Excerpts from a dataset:

──────────

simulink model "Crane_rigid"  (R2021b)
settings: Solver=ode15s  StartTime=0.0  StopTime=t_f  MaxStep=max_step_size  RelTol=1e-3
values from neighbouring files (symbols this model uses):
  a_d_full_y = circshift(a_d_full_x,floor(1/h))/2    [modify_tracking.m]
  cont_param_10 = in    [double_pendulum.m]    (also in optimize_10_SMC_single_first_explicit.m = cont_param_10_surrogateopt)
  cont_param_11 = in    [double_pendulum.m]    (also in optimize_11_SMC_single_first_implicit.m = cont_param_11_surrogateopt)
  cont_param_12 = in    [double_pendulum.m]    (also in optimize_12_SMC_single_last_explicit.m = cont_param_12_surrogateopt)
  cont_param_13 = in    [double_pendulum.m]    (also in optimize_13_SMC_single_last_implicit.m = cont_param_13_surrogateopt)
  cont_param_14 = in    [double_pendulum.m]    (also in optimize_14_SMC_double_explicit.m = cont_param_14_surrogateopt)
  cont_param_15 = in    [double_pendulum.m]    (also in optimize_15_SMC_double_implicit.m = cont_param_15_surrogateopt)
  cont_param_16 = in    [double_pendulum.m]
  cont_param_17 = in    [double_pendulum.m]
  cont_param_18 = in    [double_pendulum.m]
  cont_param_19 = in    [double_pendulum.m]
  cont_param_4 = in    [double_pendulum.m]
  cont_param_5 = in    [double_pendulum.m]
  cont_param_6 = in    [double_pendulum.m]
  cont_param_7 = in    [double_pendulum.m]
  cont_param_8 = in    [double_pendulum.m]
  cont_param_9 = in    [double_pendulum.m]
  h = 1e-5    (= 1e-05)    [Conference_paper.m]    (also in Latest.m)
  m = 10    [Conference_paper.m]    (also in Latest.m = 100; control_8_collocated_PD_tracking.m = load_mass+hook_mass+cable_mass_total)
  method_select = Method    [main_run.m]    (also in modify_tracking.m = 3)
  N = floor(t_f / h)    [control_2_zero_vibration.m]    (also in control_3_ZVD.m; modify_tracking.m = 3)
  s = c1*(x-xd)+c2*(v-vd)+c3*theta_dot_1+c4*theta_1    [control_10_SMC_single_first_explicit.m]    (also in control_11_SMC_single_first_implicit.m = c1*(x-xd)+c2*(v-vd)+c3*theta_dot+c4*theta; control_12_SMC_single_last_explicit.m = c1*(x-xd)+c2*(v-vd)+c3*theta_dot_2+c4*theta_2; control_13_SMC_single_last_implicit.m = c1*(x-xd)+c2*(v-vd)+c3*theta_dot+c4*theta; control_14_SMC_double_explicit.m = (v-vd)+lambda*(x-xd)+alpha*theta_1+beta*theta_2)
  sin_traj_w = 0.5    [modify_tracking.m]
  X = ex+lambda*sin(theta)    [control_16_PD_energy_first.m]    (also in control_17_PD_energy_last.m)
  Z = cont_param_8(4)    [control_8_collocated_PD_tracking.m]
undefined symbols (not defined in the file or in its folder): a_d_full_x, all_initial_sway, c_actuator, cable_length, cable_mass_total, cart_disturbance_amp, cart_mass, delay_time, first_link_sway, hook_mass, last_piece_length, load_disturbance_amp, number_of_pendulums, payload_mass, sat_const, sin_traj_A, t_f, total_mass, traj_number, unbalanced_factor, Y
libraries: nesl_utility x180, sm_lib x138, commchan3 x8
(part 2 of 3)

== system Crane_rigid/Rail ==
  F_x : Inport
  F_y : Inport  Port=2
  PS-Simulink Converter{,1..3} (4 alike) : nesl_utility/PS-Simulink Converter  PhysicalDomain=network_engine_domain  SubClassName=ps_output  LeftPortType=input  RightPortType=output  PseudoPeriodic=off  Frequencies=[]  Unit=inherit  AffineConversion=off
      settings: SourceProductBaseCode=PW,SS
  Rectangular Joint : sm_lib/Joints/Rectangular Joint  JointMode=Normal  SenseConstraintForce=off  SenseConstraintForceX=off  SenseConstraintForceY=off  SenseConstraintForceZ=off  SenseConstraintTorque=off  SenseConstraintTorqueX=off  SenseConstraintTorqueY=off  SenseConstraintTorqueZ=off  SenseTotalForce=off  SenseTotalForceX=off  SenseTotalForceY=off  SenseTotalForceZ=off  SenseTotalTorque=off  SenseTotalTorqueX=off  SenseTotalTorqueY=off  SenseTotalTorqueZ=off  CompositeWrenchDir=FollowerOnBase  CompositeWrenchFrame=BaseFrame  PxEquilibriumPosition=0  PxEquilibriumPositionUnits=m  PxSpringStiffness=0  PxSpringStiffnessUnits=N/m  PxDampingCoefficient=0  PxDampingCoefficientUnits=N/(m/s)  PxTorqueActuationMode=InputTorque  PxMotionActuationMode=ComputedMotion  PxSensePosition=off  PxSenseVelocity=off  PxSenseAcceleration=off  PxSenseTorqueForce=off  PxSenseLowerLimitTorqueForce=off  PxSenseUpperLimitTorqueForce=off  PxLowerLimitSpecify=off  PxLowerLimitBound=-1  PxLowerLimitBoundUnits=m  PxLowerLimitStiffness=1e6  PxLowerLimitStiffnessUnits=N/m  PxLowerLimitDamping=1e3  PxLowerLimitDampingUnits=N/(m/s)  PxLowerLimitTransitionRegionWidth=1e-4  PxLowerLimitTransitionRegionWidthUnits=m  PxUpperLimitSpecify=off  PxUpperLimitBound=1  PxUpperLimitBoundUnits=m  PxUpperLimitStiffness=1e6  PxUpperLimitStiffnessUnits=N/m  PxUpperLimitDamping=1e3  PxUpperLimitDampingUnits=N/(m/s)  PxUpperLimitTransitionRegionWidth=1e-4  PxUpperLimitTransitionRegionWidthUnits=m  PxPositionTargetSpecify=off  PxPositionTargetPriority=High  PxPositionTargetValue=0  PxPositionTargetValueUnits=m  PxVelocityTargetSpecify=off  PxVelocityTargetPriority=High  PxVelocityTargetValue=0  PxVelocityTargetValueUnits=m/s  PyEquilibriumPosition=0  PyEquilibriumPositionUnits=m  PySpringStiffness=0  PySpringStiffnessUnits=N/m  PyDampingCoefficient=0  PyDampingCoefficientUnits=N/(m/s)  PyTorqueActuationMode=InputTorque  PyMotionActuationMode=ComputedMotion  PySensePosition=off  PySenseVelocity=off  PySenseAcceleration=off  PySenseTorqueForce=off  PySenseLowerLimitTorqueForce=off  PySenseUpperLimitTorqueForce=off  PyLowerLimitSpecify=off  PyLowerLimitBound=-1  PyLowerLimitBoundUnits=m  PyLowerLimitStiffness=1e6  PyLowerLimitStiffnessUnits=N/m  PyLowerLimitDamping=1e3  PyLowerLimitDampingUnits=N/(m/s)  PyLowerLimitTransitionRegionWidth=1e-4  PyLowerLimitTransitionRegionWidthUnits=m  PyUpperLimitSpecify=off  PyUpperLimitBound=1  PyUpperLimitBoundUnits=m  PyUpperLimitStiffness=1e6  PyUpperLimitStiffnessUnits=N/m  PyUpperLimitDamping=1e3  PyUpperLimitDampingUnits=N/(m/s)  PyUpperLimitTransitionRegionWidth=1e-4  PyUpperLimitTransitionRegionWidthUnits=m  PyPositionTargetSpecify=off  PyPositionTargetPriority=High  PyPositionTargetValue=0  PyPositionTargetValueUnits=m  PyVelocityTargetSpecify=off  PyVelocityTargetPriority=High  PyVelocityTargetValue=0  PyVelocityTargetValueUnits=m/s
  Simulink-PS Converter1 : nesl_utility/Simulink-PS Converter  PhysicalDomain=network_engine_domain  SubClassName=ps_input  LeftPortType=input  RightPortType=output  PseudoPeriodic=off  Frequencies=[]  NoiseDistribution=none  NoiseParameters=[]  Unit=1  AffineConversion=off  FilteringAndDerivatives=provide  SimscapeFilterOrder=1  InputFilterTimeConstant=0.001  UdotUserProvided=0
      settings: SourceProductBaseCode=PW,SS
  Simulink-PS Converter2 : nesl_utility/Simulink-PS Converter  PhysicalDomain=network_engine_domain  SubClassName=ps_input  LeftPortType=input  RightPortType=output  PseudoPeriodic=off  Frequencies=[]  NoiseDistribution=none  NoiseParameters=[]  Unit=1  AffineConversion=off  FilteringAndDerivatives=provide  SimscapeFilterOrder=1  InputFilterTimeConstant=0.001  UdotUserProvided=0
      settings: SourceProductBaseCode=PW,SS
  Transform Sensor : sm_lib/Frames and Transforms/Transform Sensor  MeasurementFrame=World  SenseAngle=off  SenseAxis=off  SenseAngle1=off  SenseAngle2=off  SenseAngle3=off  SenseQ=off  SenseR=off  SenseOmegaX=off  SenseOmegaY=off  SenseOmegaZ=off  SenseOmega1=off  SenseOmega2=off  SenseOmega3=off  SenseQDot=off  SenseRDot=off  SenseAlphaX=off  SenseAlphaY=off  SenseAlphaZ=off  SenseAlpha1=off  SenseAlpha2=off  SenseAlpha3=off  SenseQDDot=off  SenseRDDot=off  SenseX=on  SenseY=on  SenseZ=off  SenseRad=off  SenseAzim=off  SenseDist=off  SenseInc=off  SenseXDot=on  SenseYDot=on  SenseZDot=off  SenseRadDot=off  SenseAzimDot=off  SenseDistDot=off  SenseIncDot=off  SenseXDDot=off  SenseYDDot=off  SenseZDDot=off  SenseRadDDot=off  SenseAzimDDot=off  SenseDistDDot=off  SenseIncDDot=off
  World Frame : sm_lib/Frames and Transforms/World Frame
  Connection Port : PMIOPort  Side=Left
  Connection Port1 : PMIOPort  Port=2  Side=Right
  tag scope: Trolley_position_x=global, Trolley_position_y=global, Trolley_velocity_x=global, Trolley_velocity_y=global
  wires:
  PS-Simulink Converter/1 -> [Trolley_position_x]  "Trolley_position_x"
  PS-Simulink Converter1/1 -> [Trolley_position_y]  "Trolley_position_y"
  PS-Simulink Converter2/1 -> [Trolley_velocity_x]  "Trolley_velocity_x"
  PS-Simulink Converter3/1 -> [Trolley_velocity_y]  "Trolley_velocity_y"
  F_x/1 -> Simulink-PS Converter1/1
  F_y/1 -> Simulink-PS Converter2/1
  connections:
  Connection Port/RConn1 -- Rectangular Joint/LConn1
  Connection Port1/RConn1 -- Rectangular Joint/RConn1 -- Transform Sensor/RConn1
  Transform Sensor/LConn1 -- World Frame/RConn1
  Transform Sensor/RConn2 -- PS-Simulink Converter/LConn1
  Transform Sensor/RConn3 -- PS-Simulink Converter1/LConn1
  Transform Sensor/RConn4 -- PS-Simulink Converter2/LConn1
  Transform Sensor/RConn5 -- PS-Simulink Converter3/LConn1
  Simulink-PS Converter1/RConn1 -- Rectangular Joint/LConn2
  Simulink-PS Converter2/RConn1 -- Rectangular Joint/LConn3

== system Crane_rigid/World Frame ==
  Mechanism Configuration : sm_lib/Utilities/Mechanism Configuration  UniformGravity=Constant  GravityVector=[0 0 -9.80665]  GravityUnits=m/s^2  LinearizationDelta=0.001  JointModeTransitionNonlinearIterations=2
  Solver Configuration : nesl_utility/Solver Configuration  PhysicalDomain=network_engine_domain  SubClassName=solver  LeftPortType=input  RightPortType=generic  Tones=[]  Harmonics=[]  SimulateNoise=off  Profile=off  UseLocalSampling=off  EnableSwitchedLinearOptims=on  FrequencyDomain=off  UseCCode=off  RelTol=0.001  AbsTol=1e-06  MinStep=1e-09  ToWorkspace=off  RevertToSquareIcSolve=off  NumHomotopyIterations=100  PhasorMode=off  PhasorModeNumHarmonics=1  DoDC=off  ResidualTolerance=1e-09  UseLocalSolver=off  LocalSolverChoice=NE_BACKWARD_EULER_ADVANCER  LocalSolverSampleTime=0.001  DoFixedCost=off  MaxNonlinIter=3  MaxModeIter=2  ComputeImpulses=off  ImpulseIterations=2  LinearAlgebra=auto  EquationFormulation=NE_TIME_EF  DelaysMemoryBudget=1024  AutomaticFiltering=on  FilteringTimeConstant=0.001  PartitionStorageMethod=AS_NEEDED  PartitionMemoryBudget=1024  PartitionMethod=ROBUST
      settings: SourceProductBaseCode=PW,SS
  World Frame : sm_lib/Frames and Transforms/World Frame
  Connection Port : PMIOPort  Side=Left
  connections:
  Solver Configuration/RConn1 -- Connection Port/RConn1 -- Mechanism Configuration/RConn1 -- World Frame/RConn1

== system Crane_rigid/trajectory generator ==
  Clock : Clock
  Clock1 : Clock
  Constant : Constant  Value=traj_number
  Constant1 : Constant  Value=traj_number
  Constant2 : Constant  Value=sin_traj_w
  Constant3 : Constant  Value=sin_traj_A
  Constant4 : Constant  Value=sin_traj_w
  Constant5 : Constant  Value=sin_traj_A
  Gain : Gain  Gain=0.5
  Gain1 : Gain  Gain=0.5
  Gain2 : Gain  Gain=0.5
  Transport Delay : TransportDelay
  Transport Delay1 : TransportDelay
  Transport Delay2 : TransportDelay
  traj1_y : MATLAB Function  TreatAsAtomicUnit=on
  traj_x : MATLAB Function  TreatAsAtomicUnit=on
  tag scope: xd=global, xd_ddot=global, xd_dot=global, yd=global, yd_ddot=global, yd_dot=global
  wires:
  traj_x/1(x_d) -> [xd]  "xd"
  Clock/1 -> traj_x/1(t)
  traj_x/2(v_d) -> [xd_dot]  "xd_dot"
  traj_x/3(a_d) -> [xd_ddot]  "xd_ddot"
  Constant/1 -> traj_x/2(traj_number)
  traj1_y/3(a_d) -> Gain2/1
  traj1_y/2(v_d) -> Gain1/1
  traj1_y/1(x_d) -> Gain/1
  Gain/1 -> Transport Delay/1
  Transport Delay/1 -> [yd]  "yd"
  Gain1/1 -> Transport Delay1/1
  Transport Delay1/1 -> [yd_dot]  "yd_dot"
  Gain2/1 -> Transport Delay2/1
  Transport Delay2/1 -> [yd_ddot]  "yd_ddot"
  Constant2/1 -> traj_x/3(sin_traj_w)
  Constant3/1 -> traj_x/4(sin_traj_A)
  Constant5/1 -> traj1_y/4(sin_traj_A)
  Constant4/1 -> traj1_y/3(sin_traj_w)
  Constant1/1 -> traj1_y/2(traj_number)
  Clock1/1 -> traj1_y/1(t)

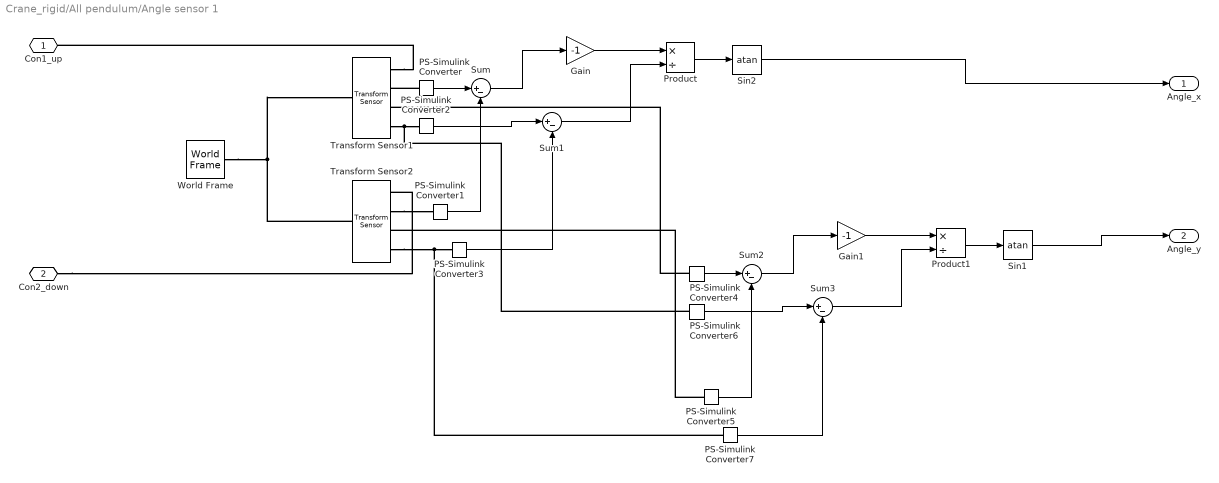
== system Crane_rigid/All pendulum/Angle sensor 1 ==
  Gain : Gain  Gain=-1
  Gain1 : Gain  Gain=-1
  PS-Simulink Converter{,1..7} (8 alike) : nesl_utility/PS-Simulink Converter  PhysicalDomain=network_engine_domain  SubClassName=ps_output  LeftPortType=input  RightPortType=output  PseudoPeriodic=off  Frequencies=[]  Unit=inherit  AffineConversion=off
      settings: SourceProductBaseCode=PW,SS
  Product : Product  Inputs=*/
  Product1 : Product  Inputs=*/
  Sin1 : Trigonometry  Operator=atan
  Sin2 : Trigonometry  Operator=atan
  Sum{,1..3} (4 alike) : Sum  Inputs=|+-
  Transform Sensor1 : sm_lib/Frames and Transforms/Transform Sensor  MeasurementFrame=World  SenseAngle=off  SenseAxis=off  SenseAngle1=off  SenseAngle2=off  SenseAngle3=off  SenseQ=off  SenseR=off  SenseOmegaX=off  SenseOmegaY=off  SenseOmegaZ=off  SenseOmega1=off  SenseOmega2=off  SenseOmega3=off  SenseQDot=off  SenseRDot=off  SenseAlphaX=off  SenseAlphaY=off  SenseAlphaZ=off  SenseAlpha1=off  SenseAlpha2=off  SenseAlpha3=off  SenseQDDot=off  SenseRDDot=off  SenseX=on  SenseY=on  SenseZ=on  SenseRad=off  SenseAzim=off  SenseDist=off  SenseInc=off  SenseXDot=off  SenseYDot=off  SenseZDot=off  SenseRadDot=off  SenseAzimDot=off  SenseDistDot=off  SenseIncDot=off  SenseXDDot=off  SenseYDDot=off  SenseZDDot=off  SenseRadDDot=off  SenseAzimDDot=off  SenseDistDDot=off  SenseIncDDot=off
  Transform Sensor2 : sm_lib/Frames and Transforms/Transform Sensor  MeasurementFrame=World  SenseAngle=off  SenseAxis=off  SenseAngle1=off  SenseAngle2=off  SenseAngle3=off  SenseQ=off  SenseR=off  SenseOmegaX=off  SenseOmegaY=off  SenseOmegaZ=off  SenseOmega1=off  SenseOmega2=off  SenseOmega3=off  SenseQDot=off  SenseRDot=off  SenseAlphaX=off  SenseAlphaY=off  SenseAlphaZ=off  SenseAlpha1=off  SenseAlpha2=off  SenseAlpha3=off  SenseQDDot=off  SenseRDDot=off  SenseX=on  SenseY=on  SenseZ=on  SenseRad=off  SenseAzim=off  SenseDist=off  SenseInc=off  SenseXDot=off  SenseYDot=off  SenseZDot=off  SenseRadDot=off  SenseAzimDot=off  SenseDistDot=off  SenseIncDot=off  SenseXDDot=off  SenseYDDot=off  SenseZDDot=off  SenseRadDDot=off  SenseAzimDDot=off  SenseDistDDot=off  SenseIncDDot=off
  World Frame : sm_lib/Frames and Transforms/World Frame
  Con1_up : PMIOPort  Side=Left
  Con2_down : PMIOPort  Port=2  Side=Left
  Angle_x : Outport
  Angle_y : Outport  Port=2
  wires:
  PS-Simulink Converter/1 -> Sum/1
  Sum1/1 -> Product/2
  Product/1 -> Sin2/1
  PS-Simulink Converter2/1 -> Sum1/1
  PS-Simulink Converter3/1 -> Sum1/2
  Gain/1 -> Product/1
  PS-Simulink Converter7/1 -> Sum3/2
  PS-Simulink Converter4/1 -> Sum2/1
  PS-Simulink Converter5/1 -> Sum2/2
  PS-Simulink Converter1/1 -> Sum/2
  PS-Simulink Converter6/1 -> Sum3/1
  Product1/1 -> Sin1/1
  Sum2/1 -> Gain1/1
  Sum3/1 -> Product1/2
  Gain1/1 -> Product1/1
  Sum/1 -> Gain/1
  Sin2/1 -> Angle_x/1
  Sin1/1 -> Angle_y/1
  connections:
  World Frame/RConn1 -- Transform Sensor2/LConn1 -- Transform Sensor1/LConn1
  Transform Sensor2/RConn4 -- PS-Simulink Converter7/LConn1 -- PS-Simulink Converter3/LConn1
  Transform Sensor1/RConn4 -- PS-Simulink Converter6/LConn1 -- PS-Simulink Converter2/LConn1
  PS-Simulink Converter5/LConn1 -- Transform Sensor2/RConn3
  PS-Simulink Converter4/LConn1 -- Transform Sensor1/RConn3
  Transform Sensor2/RConn2 -- PS-Simulink Converter1/LConn1
  PS-Simulink Converter/LConn1 -- Transform Sensor1/RConn2
  Transform Sensor1/RConn1 -- Con1_up/RConn1
  Con2_down/RConn1 -- Transform Sensor2/RConn1

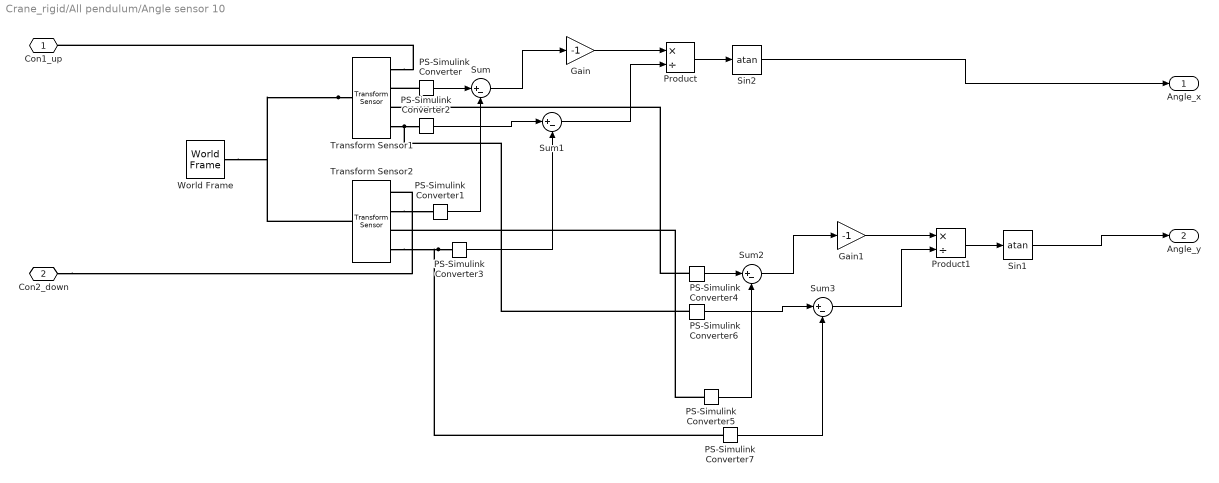
== system Crane_rigid/All pendulum/Angle sensor 10 ==
  Gain : Gain  Gain=-1
  Gain1 : Gain  Gain=-1
  PS-Simulink Converter{,1..7} (8 alike) : nesl_utility/PS-Simulink Converter  PhysicalDomain=network_engine_domain  SubClassName=ps_output  LeftPortType=input  RightPortType=output  PseudoPeriodic=off  Frequencies=[]  Unit=inherit  AffineConversion=off
      settings: SourceProductBaseCode=PW,SS
  Product : Product  Inputs=*/
  Product1 : Product  Inputs=*/
  Sin1 : Trigonometry  Operator=atan
  Sin2 : Trigonometry  Operator=atan
  Sum{,1..3} (4 alike) : Sum  Inputs=|+-
  Transform Sensor1 : sm_lib/Frames and Transforms/Transform Sensor  MeasurementFrame=World  SenseAngle=off  SenseAxis=off  SenseAngle1=off  SenseAngle2=off  SenseAngle3=off  SenseQ=off  SenseR=off  SenseOmegaX=off  SenseOmegaY=off  SenseOmegaZ=off  SenseOmega1=off  SenseOmega2=off  SenseOmega3=off  SenseQDot=off  SenseRDot=off  SenseAlphaX=off  SenseAlphaY=off  SenseAlphaZ=off  SenseAlpha1=off  SenseAlpha2=off  SenseAlpha3=off  SenseQDDot=off  SenseRDDot=off  SenseX=on  SenseY=on  SenseZ=on  SenseRad=off  SenseAzim=off  SenseDist=off  SenseInc=off  SenseXDot=off  SenseYDot=off  SenseZDot=off  SenseRadDot=off  SenseAzimDot=off  SenseDistDot=off  SenseIncDot=off  SenseXDDot=off  SenseYDDot=off  SenseZDDot=off  SenseRadDDot=off  SenseAzimDDot=off  SenseDistDDot=off  SenseIncDDot=off
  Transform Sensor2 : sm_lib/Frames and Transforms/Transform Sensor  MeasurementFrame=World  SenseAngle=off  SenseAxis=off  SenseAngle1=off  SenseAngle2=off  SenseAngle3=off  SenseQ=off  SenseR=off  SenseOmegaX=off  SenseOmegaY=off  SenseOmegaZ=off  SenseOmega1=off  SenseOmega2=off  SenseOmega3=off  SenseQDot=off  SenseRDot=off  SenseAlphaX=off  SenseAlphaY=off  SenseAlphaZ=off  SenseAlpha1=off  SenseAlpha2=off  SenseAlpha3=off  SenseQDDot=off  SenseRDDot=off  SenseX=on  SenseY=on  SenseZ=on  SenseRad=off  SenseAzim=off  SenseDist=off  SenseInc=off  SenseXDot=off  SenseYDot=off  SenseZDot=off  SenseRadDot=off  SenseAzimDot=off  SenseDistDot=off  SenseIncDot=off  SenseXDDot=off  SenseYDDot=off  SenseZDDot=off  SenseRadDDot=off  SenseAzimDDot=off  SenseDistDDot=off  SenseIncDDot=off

──────────

▸ **Problem**: From the records above, print only the lines between the one holding "cont_param_14 = in" and the one holding "N = floor(t_f", inclusive, exactly as they stand.

▸ **Exercise result**:
  cont_param_14 = in    [double_pendulum.m]    (also in optimize_14_SMC_double_explicit.m = cont_param_14_surrogateopt)
  cont_param_15 = in    [double_pendulum.m]    (also in optimize_15_SMC_double_implicit.m = cont_param_15_surrogateopt)
  cont_param_16 = in    [double_pendulum.m]
  cont_param_17 = in    [double_pendulum.m]
  cont_param_18 = in    [double_pendulum.m]
  cont_param_19 = in    [double_pendulum.m]
  cont_param_4 = in    [double_pendulum.m]
  cont_param_5 = in    [double_pendulum.m]
  cont_param_6 = in    [double_pendulum.m]
  cont_param_7 = in    [double_pendulum.m]
  cont_param_8 = in    [double_pendulum.m]
  cont_param_9 = in    [double_pendulum.m]
  h = 1e-5    (= 1e-05)    [Conference_paper.m]    (also in Latest.m)
  m = 10    [Conference_paper.m]    (also in Latest.m = 100; control_8_collocated_PD_tracking.m = load_mass+hook_mass+cable_mass_total)
  method_select = Method    [main_run.m]    (also in modify_tracking.m = 3)
  N = floor(t_f / h)    [control_2_zero_vibration.m]    (also in control_3_ZVD.m; modify_tracking.m = 3)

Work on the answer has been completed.